(Collection entries)
=====
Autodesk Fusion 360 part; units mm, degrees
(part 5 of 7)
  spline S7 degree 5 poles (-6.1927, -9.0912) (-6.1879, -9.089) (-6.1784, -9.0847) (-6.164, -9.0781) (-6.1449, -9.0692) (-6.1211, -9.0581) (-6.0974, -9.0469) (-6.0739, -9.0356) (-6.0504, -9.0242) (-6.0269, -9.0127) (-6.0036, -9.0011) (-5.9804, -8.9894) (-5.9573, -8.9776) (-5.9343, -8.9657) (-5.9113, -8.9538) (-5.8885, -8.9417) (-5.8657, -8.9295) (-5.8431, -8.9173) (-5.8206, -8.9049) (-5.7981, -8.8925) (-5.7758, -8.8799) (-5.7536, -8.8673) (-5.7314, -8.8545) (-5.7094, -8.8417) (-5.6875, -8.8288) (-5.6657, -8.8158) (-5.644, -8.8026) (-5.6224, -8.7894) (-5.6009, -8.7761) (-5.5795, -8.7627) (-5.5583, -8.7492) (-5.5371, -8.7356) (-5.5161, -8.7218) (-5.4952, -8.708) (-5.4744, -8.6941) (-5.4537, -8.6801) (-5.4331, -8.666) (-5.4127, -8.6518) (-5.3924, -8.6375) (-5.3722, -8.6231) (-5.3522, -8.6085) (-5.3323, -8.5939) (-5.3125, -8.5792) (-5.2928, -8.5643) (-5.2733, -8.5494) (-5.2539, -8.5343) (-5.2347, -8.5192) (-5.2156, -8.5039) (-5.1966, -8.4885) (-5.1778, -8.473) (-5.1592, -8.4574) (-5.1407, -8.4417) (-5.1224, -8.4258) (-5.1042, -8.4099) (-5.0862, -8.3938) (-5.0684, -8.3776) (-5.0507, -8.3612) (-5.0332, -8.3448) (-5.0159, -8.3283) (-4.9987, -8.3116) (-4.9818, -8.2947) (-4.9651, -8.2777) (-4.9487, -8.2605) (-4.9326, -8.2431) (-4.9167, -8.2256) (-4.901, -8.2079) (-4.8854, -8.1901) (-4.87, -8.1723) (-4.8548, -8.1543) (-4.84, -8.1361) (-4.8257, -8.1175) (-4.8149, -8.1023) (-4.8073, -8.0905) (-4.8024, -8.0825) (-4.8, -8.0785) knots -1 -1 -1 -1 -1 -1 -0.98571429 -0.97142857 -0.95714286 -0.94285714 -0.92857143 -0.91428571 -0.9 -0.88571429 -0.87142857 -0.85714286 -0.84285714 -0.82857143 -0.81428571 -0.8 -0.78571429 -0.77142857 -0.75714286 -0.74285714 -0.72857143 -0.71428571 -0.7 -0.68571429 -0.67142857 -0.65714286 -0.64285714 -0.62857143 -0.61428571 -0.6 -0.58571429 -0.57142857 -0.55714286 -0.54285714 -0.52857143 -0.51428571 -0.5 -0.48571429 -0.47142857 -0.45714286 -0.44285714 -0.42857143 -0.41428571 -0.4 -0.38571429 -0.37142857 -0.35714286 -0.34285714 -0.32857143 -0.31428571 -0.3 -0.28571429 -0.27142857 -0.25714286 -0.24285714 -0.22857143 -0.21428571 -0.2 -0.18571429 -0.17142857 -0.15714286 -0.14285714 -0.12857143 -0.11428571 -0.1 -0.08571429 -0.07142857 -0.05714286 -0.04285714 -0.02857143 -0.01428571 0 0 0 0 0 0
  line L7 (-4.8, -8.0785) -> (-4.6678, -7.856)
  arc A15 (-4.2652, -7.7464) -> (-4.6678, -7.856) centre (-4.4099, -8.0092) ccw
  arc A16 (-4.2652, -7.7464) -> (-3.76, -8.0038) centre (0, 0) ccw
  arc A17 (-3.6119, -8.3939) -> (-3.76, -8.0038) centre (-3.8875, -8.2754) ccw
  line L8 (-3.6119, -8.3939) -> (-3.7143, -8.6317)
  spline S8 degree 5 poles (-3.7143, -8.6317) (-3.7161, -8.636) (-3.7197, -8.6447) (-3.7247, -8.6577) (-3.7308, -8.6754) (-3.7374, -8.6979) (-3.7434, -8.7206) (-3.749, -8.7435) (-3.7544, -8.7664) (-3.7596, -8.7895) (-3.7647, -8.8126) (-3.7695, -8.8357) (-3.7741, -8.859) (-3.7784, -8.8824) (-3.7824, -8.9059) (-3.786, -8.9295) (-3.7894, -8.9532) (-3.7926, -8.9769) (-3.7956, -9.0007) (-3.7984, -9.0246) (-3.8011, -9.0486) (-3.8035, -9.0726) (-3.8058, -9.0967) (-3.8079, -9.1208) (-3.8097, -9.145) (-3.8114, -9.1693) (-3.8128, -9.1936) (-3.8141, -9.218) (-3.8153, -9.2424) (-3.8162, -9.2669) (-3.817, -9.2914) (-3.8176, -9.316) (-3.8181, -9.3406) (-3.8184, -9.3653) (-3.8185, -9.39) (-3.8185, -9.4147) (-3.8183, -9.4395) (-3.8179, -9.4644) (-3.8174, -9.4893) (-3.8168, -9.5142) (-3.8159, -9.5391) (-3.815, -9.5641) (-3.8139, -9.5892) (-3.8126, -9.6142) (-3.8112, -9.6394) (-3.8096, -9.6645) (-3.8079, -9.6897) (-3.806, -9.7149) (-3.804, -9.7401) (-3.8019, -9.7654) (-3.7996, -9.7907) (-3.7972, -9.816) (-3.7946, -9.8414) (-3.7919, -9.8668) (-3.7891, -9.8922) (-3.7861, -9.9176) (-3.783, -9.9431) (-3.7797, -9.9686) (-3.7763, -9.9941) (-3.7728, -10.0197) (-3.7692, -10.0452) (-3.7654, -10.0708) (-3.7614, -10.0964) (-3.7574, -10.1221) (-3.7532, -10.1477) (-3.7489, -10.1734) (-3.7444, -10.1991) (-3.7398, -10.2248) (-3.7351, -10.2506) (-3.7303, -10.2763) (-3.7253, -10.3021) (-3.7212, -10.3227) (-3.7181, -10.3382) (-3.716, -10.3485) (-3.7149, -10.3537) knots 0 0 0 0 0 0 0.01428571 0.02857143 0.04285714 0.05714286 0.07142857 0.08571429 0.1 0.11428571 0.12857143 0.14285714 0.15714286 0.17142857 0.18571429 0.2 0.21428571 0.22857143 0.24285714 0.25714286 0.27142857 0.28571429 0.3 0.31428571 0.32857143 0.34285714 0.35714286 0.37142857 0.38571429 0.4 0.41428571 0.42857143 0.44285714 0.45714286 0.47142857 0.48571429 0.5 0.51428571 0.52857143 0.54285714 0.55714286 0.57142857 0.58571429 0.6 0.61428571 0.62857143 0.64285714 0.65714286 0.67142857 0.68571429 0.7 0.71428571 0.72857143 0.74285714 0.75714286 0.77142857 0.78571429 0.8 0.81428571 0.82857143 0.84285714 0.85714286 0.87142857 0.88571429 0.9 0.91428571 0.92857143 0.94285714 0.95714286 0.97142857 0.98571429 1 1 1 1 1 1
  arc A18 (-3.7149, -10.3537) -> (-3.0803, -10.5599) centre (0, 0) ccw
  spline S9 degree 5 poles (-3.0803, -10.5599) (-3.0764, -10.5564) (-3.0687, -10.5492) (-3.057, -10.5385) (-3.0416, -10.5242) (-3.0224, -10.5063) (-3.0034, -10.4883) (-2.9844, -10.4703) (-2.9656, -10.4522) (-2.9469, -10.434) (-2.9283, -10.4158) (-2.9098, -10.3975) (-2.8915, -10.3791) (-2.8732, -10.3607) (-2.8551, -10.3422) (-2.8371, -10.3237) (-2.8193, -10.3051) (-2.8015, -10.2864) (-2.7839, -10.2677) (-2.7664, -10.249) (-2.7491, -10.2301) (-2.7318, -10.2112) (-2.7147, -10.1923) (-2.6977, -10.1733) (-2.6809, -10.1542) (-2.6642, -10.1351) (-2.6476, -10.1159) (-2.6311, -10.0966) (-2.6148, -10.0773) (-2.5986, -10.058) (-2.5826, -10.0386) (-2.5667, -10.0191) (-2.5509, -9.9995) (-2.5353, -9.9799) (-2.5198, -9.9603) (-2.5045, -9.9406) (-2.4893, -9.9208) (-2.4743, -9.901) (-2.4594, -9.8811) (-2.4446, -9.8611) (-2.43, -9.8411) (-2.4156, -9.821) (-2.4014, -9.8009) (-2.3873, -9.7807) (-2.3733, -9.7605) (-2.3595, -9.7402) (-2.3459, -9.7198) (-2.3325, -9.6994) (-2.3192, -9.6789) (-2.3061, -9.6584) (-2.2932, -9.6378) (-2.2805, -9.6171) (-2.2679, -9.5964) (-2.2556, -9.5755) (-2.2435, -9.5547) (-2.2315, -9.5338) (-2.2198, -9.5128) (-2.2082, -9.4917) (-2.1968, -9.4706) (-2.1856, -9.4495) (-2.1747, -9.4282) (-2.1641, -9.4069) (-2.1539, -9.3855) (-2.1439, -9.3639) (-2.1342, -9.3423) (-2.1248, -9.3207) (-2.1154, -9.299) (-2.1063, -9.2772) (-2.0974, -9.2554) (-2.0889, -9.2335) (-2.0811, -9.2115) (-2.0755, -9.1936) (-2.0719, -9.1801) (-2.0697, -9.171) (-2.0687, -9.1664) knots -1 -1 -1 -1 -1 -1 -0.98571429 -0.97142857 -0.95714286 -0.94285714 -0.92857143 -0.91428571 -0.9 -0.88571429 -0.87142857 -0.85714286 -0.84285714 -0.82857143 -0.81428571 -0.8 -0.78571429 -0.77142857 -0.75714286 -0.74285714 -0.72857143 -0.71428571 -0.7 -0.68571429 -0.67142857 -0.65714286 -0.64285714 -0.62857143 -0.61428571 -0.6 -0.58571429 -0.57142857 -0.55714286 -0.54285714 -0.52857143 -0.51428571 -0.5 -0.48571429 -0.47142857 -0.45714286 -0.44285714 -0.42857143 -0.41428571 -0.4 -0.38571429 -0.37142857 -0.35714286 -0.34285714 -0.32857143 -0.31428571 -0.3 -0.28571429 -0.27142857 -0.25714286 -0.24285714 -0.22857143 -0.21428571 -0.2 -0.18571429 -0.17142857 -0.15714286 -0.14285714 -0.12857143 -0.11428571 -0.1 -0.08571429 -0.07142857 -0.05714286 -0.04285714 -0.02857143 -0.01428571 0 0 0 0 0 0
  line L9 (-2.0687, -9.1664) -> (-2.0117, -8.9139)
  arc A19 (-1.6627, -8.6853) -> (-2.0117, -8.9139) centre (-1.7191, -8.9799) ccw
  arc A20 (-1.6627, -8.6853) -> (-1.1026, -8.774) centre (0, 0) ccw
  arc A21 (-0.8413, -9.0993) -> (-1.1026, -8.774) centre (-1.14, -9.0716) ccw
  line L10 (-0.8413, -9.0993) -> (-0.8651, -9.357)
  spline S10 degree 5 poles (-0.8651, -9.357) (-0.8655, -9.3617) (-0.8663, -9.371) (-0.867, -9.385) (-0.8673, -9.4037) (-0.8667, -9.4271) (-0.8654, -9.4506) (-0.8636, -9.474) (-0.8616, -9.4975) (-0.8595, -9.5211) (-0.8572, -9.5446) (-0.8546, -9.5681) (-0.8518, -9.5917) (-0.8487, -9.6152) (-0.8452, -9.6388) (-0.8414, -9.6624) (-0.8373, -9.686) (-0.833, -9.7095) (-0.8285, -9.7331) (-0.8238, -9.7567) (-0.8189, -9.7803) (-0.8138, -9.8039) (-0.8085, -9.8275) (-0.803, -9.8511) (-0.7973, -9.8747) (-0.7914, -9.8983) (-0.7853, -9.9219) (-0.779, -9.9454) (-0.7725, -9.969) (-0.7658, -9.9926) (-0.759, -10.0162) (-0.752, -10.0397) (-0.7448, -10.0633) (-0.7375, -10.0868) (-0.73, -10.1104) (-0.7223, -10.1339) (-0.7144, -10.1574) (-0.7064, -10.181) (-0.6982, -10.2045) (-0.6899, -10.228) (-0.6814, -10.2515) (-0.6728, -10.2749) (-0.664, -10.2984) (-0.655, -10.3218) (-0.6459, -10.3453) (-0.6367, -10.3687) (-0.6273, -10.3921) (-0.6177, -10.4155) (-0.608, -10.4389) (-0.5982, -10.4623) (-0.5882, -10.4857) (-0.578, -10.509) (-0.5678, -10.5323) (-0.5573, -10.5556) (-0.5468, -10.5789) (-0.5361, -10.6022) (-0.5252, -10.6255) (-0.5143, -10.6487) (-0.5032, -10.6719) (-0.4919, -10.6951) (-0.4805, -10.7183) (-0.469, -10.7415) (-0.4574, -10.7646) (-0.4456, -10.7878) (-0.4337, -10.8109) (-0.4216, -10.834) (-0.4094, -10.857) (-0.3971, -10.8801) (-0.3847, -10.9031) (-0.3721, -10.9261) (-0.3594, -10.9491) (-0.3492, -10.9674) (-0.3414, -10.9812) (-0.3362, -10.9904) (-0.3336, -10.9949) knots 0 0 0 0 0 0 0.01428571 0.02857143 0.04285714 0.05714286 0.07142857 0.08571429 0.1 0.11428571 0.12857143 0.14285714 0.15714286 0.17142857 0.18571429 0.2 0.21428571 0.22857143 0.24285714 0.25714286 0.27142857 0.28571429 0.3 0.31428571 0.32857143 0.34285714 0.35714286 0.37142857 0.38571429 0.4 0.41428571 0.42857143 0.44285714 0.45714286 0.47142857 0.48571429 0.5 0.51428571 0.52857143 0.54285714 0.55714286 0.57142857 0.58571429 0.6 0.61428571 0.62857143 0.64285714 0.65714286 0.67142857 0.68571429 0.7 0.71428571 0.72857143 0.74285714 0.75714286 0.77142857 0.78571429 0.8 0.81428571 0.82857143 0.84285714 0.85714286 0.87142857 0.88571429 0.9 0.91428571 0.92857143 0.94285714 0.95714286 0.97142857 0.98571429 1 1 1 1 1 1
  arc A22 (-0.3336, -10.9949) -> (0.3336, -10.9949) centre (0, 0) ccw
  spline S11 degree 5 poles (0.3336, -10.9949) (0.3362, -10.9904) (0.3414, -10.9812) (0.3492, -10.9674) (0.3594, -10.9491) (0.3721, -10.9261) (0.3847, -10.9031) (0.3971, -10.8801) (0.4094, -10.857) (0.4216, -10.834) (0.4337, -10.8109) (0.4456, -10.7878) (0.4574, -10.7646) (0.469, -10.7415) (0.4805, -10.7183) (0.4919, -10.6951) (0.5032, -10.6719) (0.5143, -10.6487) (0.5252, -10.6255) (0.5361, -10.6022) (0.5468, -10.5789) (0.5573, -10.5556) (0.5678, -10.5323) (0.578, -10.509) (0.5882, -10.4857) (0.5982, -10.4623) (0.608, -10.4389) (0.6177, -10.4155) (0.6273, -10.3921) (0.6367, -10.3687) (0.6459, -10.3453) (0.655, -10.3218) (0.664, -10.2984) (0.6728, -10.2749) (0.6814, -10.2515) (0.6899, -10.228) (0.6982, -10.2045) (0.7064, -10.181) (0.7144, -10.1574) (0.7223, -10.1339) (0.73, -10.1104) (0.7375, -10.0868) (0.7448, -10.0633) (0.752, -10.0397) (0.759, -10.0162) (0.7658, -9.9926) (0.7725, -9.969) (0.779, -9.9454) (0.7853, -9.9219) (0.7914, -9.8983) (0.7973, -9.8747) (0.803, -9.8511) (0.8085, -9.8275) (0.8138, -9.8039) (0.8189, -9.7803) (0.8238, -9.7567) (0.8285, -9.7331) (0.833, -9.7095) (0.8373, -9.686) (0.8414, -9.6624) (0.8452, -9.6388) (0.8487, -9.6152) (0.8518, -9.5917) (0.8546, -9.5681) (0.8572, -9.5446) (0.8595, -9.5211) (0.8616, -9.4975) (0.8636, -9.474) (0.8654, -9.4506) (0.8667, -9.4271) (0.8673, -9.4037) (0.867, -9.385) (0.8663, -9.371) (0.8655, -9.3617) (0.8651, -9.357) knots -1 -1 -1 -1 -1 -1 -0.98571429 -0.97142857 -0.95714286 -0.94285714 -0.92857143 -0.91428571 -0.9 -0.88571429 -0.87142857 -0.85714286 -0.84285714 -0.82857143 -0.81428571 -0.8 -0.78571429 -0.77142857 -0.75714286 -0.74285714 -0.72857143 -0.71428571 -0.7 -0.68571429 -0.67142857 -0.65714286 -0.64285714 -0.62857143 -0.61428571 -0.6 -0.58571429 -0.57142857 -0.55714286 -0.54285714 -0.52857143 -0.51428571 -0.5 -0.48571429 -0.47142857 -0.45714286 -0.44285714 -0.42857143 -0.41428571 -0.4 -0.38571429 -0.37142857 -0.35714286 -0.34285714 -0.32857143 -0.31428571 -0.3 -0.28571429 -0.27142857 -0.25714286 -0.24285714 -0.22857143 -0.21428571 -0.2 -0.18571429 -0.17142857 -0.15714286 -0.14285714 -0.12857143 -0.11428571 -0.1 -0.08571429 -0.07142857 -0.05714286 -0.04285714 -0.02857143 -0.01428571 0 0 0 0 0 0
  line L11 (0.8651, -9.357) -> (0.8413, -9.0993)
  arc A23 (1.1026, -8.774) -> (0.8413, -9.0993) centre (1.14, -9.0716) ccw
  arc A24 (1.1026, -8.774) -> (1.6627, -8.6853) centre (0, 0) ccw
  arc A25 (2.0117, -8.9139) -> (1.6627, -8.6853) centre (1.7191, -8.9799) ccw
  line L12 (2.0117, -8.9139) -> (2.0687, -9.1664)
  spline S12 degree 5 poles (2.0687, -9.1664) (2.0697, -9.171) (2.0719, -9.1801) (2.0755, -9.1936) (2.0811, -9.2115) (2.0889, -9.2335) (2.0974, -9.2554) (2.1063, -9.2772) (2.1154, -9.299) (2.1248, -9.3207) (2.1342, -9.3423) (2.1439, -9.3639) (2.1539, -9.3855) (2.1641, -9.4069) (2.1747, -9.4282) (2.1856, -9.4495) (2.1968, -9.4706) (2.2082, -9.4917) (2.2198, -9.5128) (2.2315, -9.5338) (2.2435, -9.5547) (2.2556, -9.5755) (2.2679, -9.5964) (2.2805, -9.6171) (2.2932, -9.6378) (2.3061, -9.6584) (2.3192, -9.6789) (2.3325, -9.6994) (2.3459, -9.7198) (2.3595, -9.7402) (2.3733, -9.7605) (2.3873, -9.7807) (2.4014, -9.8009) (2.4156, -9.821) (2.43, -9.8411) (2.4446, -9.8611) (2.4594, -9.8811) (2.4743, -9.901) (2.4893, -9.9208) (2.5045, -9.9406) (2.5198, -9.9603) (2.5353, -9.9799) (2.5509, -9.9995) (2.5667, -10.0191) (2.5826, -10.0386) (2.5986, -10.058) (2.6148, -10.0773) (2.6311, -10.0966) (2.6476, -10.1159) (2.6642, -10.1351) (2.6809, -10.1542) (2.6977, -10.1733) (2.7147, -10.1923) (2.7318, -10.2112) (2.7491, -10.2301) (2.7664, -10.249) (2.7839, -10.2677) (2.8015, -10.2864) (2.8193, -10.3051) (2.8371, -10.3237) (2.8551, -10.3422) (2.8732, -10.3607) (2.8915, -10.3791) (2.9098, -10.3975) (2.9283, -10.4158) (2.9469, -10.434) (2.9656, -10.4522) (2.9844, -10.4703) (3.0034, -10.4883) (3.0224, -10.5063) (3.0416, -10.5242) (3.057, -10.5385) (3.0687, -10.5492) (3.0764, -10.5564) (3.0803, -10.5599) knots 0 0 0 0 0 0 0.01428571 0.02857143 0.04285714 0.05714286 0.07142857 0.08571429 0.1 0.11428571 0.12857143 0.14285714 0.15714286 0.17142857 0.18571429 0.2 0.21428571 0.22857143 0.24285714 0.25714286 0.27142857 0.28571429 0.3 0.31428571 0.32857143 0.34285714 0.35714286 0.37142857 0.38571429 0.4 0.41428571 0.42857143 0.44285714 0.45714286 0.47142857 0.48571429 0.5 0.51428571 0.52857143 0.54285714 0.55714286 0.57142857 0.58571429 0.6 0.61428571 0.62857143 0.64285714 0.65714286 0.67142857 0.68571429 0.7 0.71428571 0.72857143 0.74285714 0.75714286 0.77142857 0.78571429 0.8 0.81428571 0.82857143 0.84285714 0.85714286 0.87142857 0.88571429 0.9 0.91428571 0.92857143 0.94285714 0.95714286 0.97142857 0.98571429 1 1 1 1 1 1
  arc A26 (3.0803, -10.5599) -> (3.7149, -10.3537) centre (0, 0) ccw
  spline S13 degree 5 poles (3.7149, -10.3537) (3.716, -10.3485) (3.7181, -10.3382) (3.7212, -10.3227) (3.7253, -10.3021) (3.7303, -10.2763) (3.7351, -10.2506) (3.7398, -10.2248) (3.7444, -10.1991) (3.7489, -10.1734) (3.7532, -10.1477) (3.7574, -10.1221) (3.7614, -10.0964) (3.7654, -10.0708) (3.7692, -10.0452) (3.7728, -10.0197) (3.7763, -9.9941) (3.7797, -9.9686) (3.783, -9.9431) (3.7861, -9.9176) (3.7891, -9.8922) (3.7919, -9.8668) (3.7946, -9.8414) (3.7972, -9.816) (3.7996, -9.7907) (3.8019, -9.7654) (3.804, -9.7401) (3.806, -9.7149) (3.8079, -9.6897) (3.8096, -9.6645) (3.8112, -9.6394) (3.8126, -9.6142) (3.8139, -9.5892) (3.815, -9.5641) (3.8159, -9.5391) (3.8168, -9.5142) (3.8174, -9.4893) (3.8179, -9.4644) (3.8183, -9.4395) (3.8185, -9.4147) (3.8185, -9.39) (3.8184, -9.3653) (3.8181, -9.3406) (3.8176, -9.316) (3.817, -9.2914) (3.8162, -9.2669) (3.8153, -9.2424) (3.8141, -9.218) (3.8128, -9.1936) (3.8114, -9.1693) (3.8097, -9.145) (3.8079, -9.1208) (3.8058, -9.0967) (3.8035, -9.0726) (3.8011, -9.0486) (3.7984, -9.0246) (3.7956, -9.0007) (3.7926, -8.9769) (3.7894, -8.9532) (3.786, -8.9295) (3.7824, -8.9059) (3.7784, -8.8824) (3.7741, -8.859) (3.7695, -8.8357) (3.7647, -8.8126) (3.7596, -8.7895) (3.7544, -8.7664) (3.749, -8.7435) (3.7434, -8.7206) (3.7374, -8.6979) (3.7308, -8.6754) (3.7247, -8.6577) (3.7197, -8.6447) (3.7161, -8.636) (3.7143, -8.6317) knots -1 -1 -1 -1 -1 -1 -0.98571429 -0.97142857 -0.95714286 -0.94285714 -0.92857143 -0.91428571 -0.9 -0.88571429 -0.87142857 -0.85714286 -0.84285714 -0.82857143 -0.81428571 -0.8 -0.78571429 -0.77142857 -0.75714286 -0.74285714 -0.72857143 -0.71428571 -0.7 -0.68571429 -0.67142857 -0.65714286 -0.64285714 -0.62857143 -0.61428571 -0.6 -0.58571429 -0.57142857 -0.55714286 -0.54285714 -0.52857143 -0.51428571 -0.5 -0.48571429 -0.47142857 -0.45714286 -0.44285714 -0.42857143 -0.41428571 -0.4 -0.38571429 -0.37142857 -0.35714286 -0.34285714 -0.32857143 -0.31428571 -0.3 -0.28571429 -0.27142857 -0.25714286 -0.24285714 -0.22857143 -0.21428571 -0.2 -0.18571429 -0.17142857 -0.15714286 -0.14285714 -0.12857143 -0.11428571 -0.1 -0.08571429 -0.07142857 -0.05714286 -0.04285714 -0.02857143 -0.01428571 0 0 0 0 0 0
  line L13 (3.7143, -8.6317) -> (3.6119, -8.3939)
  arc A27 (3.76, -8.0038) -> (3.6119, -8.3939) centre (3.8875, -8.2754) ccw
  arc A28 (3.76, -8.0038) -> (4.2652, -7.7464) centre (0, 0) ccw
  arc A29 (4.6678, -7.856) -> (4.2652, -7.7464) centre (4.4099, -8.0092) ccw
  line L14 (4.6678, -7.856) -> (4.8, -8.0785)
=====
→ **HOW TO COMPLETE THIS TASK**: Retype only the stretch of lines above starting at the one with "arc A20 (-1.6627, -8.6853)" and stopping at the one with "line L10 (-0.8413, -9.0993)", exactly as written, with both kept.

→ **RESULT**:
  arc A20 (-1.6627, -8.6853) -> (-1.1026, -8.774) centre (0, 0) ccw
  arc A21 (-0.8413, -9.0993) -> (-1.1026, -8.774) centre (-1.14, -9.0716) ccw
  line L10 (-0.8413, -9.0993) -> (-0.8651, -9.357)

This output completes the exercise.